* Task objective *
Below are records; reproduce exactly the lines from the one that has "line L3 (0, 127) -> (-25.4, 127)" through the one that has "line L11 (431.8, 0) -> (457.2, 0)", ends included, and nothing more.

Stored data

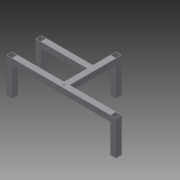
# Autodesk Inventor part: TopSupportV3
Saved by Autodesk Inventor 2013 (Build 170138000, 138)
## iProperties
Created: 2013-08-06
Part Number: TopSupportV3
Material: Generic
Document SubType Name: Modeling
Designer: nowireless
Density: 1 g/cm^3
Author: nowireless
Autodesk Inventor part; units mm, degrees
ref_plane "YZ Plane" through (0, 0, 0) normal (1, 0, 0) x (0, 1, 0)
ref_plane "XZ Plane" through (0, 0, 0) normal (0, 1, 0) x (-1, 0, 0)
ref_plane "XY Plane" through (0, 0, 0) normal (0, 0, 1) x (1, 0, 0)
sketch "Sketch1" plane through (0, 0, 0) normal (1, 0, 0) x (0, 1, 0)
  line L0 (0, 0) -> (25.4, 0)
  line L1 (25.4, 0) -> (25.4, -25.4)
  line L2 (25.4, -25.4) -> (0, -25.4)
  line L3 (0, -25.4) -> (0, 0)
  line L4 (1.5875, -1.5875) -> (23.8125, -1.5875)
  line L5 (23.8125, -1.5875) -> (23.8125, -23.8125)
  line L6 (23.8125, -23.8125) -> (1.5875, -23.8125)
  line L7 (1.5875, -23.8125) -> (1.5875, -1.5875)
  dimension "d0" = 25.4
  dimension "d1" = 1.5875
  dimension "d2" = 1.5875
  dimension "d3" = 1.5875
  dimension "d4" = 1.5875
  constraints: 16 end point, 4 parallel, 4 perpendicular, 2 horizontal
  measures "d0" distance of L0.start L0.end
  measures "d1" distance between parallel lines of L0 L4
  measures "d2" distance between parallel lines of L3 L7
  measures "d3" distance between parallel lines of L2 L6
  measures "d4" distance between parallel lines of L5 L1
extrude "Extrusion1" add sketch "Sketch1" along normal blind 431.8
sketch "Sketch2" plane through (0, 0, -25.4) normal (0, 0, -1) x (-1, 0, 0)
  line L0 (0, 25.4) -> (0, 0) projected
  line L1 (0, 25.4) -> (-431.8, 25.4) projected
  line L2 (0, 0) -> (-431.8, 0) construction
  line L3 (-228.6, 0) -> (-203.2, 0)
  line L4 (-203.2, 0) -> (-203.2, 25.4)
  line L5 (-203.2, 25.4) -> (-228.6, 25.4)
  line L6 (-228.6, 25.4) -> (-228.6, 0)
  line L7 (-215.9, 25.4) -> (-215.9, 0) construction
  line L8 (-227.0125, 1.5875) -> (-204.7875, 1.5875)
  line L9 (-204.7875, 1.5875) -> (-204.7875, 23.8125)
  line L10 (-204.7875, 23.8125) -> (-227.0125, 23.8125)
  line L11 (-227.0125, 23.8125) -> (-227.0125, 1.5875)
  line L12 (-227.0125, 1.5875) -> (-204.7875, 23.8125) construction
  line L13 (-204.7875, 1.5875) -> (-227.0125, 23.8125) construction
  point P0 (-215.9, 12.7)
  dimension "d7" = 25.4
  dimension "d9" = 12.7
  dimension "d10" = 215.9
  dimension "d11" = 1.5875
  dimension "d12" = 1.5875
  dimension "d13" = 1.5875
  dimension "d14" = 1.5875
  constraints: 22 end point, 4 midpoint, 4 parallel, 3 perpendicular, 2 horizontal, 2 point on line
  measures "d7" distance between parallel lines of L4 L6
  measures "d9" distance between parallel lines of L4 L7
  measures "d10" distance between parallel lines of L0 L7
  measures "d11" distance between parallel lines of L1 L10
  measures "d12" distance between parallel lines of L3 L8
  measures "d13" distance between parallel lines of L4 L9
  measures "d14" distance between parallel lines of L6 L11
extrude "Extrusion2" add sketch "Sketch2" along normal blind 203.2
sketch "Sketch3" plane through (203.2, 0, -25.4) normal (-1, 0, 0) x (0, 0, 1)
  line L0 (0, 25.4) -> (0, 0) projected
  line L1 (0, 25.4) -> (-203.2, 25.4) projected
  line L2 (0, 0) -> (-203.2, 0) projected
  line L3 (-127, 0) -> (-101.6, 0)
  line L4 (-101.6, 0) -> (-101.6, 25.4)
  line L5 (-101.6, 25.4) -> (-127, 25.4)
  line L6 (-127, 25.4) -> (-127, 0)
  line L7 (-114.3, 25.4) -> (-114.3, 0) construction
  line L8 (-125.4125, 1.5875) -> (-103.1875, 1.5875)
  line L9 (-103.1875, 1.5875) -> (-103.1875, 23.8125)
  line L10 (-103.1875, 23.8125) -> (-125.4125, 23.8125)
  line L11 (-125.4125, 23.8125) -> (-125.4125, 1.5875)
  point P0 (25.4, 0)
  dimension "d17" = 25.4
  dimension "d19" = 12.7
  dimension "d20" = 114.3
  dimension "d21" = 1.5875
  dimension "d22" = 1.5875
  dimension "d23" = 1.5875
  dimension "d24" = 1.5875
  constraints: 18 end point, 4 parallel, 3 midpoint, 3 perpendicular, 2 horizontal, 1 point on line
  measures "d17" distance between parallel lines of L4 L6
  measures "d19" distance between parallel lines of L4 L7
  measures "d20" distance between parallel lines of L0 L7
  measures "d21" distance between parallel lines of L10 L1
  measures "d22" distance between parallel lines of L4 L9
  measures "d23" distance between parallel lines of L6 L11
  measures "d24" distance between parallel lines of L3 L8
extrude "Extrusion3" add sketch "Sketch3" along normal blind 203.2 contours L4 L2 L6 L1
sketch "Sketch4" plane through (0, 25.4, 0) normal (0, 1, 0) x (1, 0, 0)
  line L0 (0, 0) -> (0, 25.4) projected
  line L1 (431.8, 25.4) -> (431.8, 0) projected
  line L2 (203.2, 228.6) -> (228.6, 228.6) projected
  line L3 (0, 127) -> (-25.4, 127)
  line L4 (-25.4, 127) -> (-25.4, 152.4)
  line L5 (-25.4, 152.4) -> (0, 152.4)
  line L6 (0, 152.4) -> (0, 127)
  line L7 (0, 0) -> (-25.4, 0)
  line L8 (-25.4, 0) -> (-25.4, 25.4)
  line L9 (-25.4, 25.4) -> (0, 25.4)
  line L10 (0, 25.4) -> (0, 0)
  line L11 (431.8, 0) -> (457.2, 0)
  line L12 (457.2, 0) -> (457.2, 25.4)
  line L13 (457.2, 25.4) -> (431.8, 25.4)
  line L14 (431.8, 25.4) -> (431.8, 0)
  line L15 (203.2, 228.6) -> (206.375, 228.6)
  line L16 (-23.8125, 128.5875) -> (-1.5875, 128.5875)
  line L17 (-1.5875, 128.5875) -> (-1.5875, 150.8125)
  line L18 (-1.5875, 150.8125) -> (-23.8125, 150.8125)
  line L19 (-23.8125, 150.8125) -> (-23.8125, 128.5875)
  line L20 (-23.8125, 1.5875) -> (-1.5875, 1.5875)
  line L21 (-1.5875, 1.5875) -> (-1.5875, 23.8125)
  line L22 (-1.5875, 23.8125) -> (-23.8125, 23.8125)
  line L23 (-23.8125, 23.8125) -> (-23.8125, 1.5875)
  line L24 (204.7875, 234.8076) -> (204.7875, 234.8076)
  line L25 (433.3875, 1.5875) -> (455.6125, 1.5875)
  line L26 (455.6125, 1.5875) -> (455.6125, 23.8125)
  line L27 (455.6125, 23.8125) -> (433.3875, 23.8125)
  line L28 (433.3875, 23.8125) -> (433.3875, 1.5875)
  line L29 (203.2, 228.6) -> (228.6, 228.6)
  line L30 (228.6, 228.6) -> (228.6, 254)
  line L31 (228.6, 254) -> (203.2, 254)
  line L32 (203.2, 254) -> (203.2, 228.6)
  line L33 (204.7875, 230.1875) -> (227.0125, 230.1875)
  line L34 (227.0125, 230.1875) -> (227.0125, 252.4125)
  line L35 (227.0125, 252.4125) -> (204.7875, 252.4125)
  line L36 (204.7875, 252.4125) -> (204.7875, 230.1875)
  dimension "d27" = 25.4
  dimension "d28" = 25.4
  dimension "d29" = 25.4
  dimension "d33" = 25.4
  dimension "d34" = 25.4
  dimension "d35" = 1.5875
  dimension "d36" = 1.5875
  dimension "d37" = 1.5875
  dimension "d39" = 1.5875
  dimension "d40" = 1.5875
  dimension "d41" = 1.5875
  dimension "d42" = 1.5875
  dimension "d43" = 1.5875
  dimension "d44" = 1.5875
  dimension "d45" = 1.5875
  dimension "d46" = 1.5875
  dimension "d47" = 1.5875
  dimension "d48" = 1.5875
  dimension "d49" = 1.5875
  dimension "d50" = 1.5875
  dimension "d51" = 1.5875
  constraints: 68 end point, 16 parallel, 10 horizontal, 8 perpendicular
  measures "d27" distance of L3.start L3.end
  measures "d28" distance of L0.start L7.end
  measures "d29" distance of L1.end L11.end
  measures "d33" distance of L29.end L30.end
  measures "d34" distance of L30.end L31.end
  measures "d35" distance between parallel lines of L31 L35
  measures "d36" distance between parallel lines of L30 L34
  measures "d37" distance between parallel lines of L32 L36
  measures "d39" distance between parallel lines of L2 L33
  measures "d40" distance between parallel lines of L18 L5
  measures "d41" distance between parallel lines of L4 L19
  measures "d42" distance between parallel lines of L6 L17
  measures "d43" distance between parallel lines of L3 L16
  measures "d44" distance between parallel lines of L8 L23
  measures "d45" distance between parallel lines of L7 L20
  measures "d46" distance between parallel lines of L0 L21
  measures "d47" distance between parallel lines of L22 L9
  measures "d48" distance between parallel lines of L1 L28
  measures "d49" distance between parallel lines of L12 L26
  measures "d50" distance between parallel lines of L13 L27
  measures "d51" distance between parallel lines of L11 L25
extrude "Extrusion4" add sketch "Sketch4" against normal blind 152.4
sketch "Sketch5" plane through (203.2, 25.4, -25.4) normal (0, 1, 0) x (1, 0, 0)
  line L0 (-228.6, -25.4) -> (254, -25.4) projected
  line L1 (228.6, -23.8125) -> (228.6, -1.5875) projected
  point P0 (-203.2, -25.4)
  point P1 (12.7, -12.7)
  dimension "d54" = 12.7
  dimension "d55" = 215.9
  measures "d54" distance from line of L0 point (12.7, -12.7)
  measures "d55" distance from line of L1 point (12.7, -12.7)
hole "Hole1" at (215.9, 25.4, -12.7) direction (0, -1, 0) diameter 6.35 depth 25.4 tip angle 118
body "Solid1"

* Reply *
  line L3 (0, 127) -> (-25.4, 127)
  line L4 (-25.4, 127) -> (-25.4, 152.4)
  line L5 (-25.4, 152.4) -> (0, 152.4)
  line L6 (0, 152.4) -> (0, 127)
  line L7 (0, 0) -> (-25.4, 0)
  line L8 (-25.4, 0) -> (-25.4, 25.4)
  line L9 (-25.4, 25.4) -> (0, 25.4)
  line L10 (0, 25.4) -> (0, 0)
  line L11 (431.8, 0) -> (457.2, 0)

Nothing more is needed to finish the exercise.